BEGIN Given data

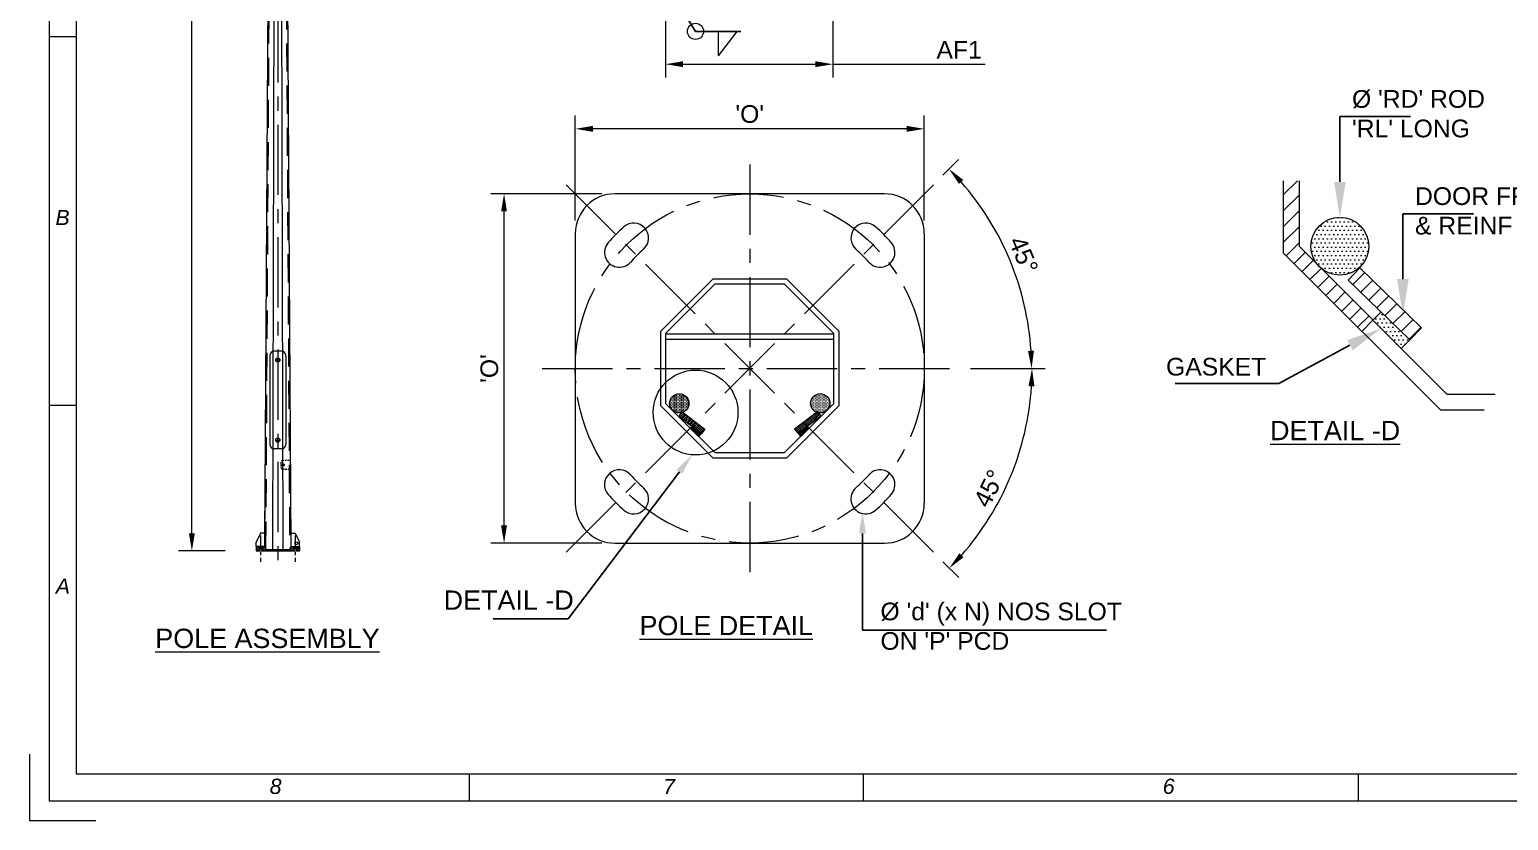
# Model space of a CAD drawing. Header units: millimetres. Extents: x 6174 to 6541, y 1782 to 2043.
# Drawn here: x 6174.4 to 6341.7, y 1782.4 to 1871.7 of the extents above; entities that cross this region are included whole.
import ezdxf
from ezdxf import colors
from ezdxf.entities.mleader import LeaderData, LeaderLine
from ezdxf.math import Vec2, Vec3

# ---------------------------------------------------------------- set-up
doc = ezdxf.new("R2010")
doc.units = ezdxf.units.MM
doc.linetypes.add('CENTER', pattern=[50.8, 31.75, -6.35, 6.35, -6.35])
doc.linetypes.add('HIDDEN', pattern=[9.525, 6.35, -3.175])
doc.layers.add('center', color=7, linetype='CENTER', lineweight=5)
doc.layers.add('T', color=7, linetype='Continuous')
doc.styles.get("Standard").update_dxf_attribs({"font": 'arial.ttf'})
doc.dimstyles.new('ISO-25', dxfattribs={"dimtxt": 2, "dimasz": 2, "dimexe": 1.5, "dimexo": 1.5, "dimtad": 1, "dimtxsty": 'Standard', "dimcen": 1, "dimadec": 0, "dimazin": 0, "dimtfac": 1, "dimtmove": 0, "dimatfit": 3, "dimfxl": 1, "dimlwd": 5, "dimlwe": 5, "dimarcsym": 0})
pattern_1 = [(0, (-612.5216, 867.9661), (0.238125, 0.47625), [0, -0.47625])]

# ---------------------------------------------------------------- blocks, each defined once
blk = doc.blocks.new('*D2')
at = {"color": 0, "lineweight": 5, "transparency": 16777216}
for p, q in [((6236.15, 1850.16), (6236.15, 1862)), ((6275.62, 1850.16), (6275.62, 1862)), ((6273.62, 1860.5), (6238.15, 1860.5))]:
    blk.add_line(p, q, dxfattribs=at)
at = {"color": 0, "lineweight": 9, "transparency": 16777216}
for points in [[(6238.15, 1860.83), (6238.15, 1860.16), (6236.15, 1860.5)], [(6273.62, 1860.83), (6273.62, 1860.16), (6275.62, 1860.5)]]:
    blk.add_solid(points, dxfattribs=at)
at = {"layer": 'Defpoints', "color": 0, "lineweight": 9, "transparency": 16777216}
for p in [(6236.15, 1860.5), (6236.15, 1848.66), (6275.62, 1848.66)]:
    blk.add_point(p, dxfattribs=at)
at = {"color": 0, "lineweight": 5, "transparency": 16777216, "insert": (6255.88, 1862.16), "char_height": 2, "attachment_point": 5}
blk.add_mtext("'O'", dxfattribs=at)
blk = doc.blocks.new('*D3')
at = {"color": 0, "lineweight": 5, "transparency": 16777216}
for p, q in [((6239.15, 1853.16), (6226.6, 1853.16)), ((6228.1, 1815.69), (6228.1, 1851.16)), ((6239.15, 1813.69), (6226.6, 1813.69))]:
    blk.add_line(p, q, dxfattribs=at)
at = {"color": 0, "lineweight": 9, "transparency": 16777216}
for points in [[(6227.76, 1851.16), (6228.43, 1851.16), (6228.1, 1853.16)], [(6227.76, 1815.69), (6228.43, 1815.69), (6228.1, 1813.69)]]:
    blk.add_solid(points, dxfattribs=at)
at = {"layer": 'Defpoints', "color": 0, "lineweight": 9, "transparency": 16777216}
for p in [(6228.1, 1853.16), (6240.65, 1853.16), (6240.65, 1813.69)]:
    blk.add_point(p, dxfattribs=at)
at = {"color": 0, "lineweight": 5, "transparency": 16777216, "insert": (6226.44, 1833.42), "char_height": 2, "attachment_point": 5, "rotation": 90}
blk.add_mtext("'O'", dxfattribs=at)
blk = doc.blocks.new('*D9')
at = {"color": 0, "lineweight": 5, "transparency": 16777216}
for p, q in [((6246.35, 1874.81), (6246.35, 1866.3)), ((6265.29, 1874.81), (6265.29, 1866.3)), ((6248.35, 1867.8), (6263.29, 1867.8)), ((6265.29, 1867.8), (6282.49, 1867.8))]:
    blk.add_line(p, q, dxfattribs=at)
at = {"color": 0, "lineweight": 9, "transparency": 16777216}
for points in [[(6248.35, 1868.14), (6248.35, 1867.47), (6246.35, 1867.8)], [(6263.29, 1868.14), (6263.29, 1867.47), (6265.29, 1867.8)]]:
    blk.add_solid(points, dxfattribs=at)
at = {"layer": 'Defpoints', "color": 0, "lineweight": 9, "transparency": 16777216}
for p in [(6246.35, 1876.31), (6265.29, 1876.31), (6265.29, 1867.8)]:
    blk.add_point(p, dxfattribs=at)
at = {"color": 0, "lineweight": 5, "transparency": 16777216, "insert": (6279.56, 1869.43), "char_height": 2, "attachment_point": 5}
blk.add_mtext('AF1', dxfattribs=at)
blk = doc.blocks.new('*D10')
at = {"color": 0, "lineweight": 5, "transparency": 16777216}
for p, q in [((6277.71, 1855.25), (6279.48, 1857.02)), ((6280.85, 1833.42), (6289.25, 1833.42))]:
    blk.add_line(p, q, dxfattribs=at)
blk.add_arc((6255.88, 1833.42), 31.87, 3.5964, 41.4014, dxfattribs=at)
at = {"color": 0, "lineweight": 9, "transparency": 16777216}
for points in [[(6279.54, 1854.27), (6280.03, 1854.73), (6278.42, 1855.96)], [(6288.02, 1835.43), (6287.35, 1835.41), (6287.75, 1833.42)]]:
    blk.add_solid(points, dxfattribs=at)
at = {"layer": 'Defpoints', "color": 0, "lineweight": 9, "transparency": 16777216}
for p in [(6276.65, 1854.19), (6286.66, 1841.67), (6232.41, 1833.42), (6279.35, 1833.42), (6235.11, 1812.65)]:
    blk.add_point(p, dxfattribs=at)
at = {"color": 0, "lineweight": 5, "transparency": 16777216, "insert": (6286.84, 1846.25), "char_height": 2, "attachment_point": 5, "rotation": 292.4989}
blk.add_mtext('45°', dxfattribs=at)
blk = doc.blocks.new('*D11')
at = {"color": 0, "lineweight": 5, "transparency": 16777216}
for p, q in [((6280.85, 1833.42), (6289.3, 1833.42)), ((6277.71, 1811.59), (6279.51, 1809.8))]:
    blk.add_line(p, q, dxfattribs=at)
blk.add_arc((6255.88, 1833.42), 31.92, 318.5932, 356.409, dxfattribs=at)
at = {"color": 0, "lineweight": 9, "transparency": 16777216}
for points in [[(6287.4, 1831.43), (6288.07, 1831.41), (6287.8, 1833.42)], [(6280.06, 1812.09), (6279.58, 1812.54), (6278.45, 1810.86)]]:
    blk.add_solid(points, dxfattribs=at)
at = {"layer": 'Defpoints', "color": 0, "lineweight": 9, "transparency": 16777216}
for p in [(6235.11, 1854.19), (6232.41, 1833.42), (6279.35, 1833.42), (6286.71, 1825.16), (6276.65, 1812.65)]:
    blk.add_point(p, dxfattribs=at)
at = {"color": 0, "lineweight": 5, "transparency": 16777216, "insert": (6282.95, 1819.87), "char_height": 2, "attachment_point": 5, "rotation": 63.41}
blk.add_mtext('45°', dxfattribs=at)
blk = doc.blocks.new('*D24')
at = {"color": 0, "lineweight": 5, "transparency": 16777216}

END Given data

Problem statement: Within the listing above, give again exactly every line from the line with "blk = doc.blocks.new('*D2')" through the line with "blk = doc.blocks.new('*D3')", both included, and no other line.

Output below:
blk = doc.blocks.new('*D2')
at = {"color": 0, "lineweight": 5, "transparency": 16777216}
for p, q in [((6236.15, 1850.16), (6236.15, 1862)), ((6275.62, 1850.16), (6275.62, 1862)), ((6273.62, 1860.5), (6238.15, 1860.5))]:
    blk.add_line(p, q, dxfattribs=at)
at = {"color": 0, "lineweight": 9, "transparency": 16777216}
for points in [[(6238.15, 1860.83), (6238.15, 1860.16), (6236.15, 1860.5)], [(6273.62, 1860.83), (6273.62, 1860.16), (6275.62, 1860.5)]]:
    blk.add_solid(points, dxfattribs=at)
at = {"layer": 'Defpoints', "color": 0, "lineweight": 9, "transparency": 16777216}
for p in [(6236.15, 1860.5), (6236.15, 1848.66), (6275.62, 1848.66)]:
    blk.add_point(p, dxfattribs=at)
at = {"color": 0, "lineweight": 5, "transparency": 16777216, "insert": (6255.88, 1862.16), "char_height": 2, "attachment_point": 5}
blk.add_mtext("'O'", dxfattribs=at)
blk = doc.blocks.new('*D3')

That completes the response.